== Records shown

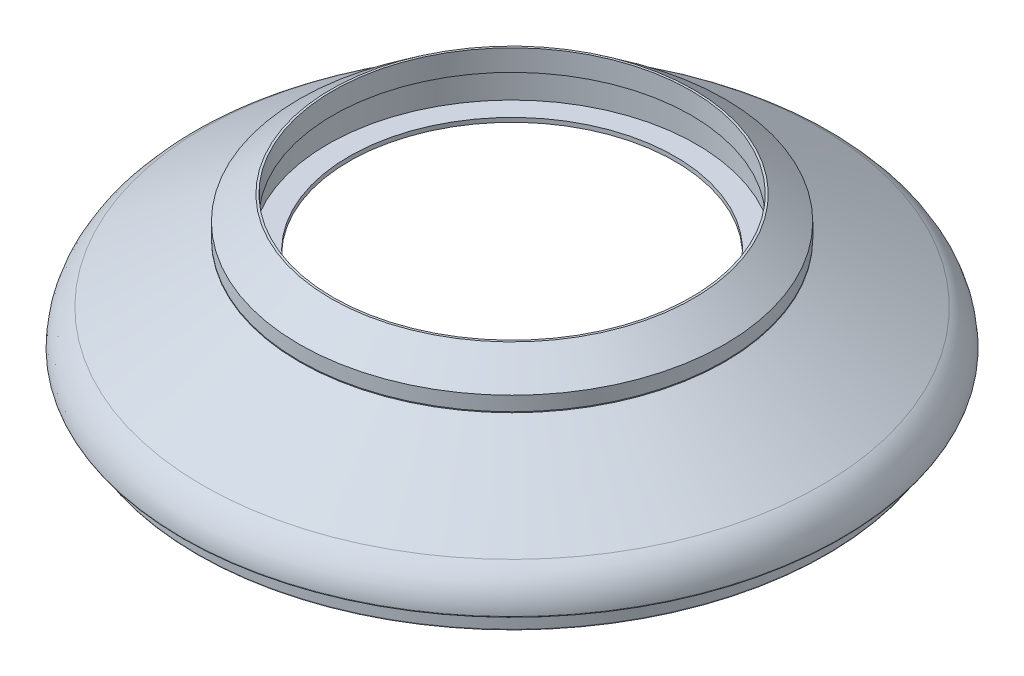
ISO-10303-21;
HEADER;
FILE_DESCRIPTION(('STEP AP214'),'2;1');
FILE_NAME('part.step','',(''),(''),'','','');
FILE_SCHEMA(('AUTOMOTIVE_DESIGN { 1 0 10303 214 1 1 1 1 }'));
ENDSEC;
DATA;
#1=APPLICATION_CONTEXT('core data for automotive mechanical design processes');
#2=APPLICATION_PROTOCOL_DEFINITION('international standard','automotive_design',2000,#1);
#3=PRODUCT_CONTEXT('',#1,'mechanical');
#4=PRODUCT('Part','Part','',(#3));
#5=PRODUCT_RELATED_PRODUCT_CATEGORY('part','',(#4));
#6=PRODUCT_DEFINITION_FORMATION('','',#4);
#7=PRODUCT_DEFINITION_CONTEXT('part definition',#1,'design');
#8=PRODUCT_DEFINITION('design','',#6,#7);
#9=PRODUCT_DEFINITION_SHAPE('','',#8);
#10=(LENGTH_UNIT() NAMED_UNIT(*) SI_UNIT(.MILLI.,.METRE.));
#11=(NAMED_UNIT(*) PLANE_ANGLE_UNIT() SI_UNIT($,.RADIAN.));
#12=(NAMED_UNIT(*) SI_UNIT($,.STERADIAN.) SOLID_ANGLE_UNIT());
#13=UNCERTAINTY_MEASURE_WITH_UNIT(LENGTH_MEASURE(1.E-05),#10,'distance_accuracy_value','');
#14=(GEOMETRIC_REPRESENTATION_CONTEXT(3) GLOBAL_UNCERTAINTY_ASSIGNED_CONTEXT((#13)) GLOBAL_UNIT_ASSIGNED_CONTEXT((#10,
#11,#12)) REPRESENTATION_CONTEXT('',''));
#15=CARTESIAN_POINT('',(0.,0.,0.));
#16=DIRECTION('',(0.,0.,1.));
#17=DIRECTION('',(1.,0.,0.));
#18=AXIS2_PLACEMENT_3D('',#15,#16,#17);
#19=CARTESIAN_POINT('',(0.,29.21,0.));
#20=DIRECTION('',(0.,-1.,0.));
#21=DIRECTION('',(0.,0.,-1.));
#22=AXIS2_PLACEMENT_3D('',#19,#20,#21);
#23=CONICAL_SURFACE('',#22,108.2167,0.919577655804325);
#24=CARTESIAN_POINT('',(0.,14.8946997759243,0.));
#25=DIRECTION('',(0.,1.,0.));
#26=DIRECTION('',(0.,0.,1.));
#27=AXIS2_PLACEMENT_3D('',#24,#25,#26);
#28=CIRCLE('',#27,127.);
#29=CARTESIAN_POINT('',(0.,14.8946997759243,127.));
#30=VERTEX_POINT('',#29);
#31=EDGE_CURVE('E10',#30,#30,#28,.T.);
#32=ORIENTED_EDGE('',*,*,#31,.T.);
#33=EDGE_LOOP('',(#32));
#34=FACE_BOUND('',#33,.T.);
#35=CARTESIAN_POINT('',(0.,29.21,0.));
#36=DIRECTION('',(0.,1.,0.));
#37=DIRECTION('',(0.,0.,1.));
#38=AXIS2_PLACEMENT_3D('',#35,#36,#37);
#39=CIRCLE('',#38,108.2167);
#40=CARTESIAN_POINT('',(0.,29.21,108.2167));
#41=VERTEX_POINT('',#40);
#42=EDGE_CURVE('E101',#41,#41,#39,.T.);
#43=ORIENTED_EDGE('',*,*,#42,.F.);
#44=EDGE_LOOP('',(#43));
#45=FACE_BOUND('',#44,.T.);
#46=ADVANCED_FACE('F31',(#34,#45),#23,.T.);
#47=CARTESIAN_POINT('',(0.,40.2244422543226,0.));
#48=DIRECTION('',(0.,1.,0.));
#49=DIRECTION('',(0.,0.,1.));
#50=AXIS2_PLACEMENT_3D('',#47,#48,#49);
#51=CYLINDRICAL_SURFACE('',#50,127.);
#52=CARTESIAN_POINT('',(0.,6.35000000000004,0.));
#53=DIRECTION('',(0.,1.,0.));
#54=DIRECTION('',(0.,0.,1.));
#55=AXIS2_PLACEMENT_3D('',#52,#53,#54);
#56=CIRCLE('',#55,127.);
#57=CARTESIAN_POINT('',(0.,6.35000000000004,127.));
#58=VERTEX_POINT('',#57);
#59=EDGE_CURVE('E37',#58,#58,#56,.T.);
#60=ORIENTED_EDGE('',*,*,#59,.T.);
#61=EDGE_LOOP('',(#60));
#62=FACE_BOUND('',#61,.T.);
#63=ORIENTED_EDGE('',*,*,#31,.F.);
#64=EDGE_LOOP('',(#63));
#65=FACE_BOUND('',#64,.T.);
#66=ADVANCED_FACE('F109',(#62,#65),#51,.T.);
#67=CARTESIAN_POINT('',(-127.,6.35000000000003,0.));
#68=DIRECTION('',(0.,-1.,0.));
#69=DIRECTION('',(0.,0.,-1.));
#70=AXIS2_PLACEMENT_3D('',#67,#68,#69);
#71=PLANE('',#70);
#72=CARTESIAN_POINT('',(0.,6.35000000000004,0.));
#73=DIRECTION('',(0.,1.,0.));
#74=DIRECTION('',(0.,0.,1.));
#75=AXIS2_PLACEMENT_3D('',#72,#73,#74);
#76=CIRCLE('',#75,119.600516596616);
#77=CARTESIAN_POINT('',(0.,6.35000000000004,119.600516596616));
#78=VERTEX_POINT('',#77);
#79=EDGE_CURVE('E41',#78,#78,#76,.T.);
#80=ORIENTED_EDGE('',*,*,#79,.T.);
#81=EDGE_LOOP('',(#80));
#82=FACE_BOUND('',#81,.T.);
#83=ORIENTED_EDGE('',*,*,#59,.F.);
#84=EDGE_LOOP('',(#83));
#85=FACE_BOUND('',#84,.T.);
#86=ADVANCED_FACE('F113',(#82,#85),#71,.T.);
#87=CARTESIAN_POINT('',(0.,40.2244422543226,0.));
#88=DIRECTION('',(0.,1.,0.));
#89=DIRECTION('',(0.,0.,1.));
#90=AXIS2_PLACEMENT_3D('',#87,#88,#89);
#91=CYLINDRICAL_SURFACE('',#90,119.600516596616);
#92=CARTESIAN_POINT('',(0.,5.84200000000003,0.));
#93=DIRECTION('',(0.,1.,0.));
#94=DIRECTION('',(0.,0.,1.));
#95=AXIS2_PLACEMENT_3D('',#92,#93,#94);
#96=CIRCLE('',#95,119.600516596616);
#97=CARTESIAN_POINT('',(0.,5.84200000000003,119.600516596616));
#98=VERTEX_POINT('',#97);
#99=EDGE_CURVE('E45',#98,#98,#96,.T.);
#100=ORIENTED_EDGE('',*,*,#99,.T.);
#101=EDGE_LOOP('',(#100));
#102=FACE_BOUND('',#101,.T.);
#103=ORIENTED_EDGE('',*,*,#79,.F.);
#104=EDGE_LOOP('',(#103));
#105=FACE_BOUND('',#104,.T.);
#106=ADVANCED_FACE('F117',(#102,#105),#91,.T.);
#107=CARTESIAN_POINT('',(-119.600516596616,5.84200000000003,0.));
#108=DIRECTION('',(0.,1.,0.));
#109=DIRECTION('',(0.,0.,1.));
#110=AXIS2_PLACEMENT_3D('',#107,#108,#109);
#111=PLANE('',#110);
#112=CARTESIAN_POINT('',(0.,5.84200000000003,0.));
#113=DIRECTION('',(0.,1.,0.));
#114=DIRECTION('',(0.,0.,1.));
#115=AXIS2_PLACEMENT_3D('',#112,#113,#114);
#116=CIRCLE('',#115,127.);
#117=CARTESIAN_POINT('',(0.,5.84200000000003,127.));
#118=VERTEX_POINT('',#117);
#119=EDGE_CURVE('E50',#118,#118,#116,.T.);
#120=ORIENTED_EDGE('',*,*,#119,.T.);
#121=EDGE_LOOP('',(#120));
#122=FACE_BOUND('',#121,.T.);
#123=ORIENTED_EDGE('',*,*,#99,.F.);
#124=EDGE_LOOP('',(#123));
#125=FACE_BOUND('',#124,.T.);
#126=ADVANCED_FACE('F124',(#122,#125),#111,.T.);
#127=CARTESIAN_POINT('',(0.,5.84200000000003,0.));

====

I'd like the lines above from the one with "#118=VERTEX_POINT('',#117);" up to and including the one with "#126=ADVANCED_FACE('F124',(#122,#125),#111,.T.);" copied exactly, with no other lines.

Task output:
#118=VERTEX_POINT('',#117);
#119=EDGE_CURVE('E50',#118,#118,#116,.T.);
#120=ORIENTED_EDGE('',*,*,#119,.T.);
#121=EDGE_LOOP('',(#120));
#122=FACE_BOUND('',#121,.T.);
#123=ORIENTED_EDGE('',*,*,#99,.F.);
#124=EDGE_LOOP('',(#123));
#125=FACE_BOUND('',#124,.T.);
#126=ADVANCED_FACE('F124',(#122,#125),#111,.T.);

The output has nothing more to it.